Call to a Higher Spirituality

Meister Eckhart lived at a time when magnificent cathedrals and parish churches were built which externally expressed the glory and majesty of God and interior designs which encouraged popular piety. The side altars and ornate niches for particular saints for popular devotions and the liturgical and para-liturgical celebrations with elaborate rituals etc. were popular in the middle ages. The belief that God can be encountered through the visible realities of bread and wine transformed into the Body and Blood of Christ was extended to other objects related to the Eucharist, “such as water, candles, oil; in things or persons linked in one way or another with the human Christ whose death and resurrection they remembered in the Eucharist — in rush crosses and wayside crucifixes, in shrines and memorials of Christ’s mother and Joseph and the apostles, in the cultivation of the relics of saints and others in whom they thought they had caught sight of God at work in their midst, and hence had something physical to hold on to as an intermediary on their own level, whether dead or alive did not matter, with the God they had never met in person.” These practices along with Eucharistic processions and pageants, and various other semi-liturgical, para-liturgical and non-liturgical forms of devotion to the Eucharist expressed the need of humans for something tangible through which to express gratitude for faith and divine benevolence. Though they are expressions of faith by the believers they could be manipulated by those who are unscrupulous in the Church for financial benefits. In fact, they did it and it was one of the immediate causes of Reformation two centuries later. Any commercialisation of religion transforms the temple into a market place which is the den of robbers and extortionists. This was happening at the time of Meister Eckhart and it is happening even now at least in some places. The need of the hour is the presence and action of prophets and mystics.
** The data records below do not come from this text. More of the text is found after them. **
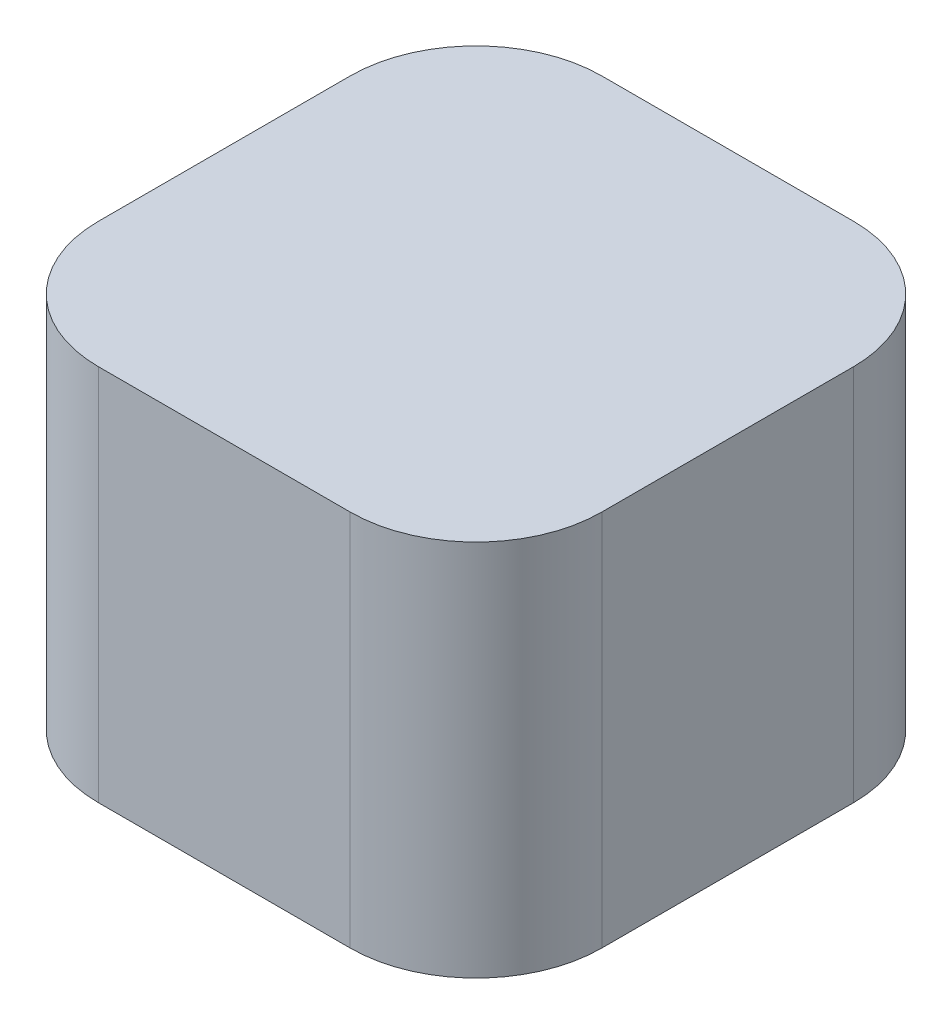
SolidWorks part; units mm, degrees
ref_plane "Front Plane" through (0, 0, 0) normal (0, 0, 1) x (1, 0, 0)
ref_plane "Top Plane" through (0, 0, 0) normal (0, 1, 0) x (1, 0, 0)
ref_plane "Right Plane" through (0, 0, 0) normal (1, 0, 0) x (0, 0, -1)
sketch "Sketch1" plane through (0, 0, 0) normal (0, 1, 0) x (1, 0, 0)
  line L1 (-20, -20) -> (20, -20)
  line L2 (-20, -20) -> (-20, 20)
  line L3 (-20, 20) -> (20, 20)
  line L4 (20, -20) -> (20, 20)
  line L5 (-20, -20) -> (20, 20) construction
  line L6 (-20, 20) -> (20, -20) construction
  point P0 (0, 0)
  dimension "D1" = 40
  dimension "D2" = 40
extrude "Boss-Extrude1" add sketch "Sketch1" along normal blind 30
sketch "Sketch2" plane through (0, 0, 0) normal (0, -1, 0) x (-1, 0, 0)
  circle A0 centre (0, 0) radius 10
  dimension "D1" = 20
extrude "Boss-Extrude2" add sketch "Sketch2" along normal blind 10
fillet "Fillet1" radius 10 4 edges at (-20, 15, -20) (20, 15, -20) (-20, 15, 20) (20, 15, 20)
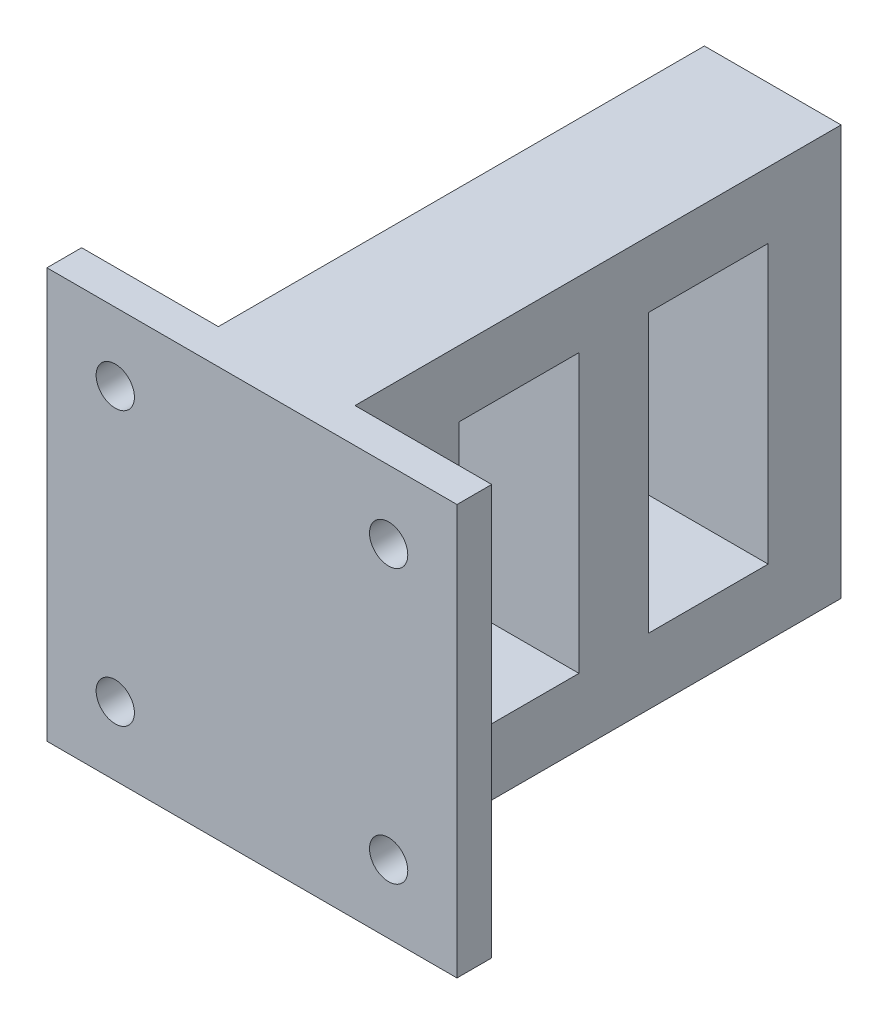
SolidWorks part; units mm, degrees
ref_plane "Front Plane" through (0, 0, 0) normal (0, 0, 1) x (1, 0, 0)
ref_plane "Top Plane" through (0, 0, 0) normal (0, 1, 0) x (1, 0, 0)
ref_plane "Right Plane" through (0, 0, 0) normal (1, 0, 0) x (0, 0, -1)
sketch "Sketch2" plane through (0, 0, 0) normal (0, 0, 1) x (1, 0, 0)
  line L0 (15, 0) -> (15, 30) construction
  line L1 (0, 0) -> (30, 0)
  line L2 (0, 0) -> (0, 30)
  line L3 (0, 30) -> (30, 30)
  line L4 (30, 0) -> (30, 30)
  circle A0 centre (5, 5) radius 1.4
  circle A1 centre (25, 5) radius 1.4
  circle A2 centre (5, 25) radius 1.4
  circle A3 centre (25, 25) radius 1.4
  dimension "D3" = 5
  dimension "D4" = 5
  dimension "D5" = 5
  dimension "D6" = 5
  dimension "D7" = 5
  dimension "D8" = 5
  dimension "D9" = 5
  dimension "D10" = 5
  dimension "D1" = 30
  dimension "D2" = 30
extrude "Boss-Extrude1" add sketch "Sketch2" along normal blind 2.54
sketch "Sketch3" plane through (0, 0, 0) normal (0, 0, -1) x (-1, 0, 0)
  line L0 (-15, 0) -> (-15, 30) construction
  line L1 (0, 0) -> (-30, 0) construction
  line L2 (-30, 30) -> (0, 30) construction
  line L4 (-10, 0) -> (-20, 0)
  line L5 (-10, 0) -> (-10, 30)
  line L6 (-10, 30) -> (-20, 30)
  line L7 (-20, 0) -> (-20, 30)
  dimension "D1" = 10
  dimension "D2" = 5
extrude "Boss-Extrude2" add sketch "Sketch3" along normal blind 35.56
sketch "Sketch4" plane through (10, 0, 0) normal (-1, 0, 0) x (0, 0, 1)
  line L0 (-35.56, 0) -> (0, 0) construction
  line L1 (-30.226, 4.84) -> (-21.463, 4.84)
  line L2 (-30.226, 4.84) -> (-30.226, 25.16)
  line L3 (-30.226, 25.16) -> (-21.463, 25.16)
  line L4 (-21.463, 4.84) -> (-21.463, 25.16)
  line L5 (-16.383, 4.84) -> (-7.62, 4.84)
  line L6 (-16.383, 4.84) -> (-16.383, 25.16)
  line L7 (-16.383, 25.16) -> (-7.62, 25.16)
  line L8 (-7.62, 4.84) -> (-7.62, 25.16)
  line L9 (0, 0) -> (0, 30) construction
  dimension "D1" = 20.32
  dimension "D2" = 20.32
  dimension "D3" = 4.84
  dimension "D4" = 4.84
  dimension "D5" = 8.763
  dimension "D6" = 8.763
  dimension "D7" = 7.62
  dimension "D8" = 5.08
extrude "Cut-Extrude1" cut sketch "Sketch4" against normal blind 35.56

The believers are to be taught to move from an infantile faith that can be manipulated by unscrupulous preachers and teachers. They make the liberating message of Jesus Christ into an enslaving religion of exaggerated and sometimes inhuman adherence to rules and regulations, meaningless rituals and soulless devotions instilling fear and guilt. The joyful message of the Gospel of love and that all can become God to the extent that they live, love and act lovingly with the grace of God are reduced to some pious practices without corresponding spirituality. The great gift of the Church bequeathed to the disciples by forming them into a communion and inviting all who follow Christ at all times to participate in that communion through the power of the Spirit is often made into religion with more emphasis on institution and structures of power and domination rather than a participatory communion of all brothers and sisters. Therefore, it is imperative that the Church become a true light of Christ and authentic communion in which all believers are led to the enlightening vision and experience that in love they are more God than they are in themselves and live a life worthy of that divine enlightenment.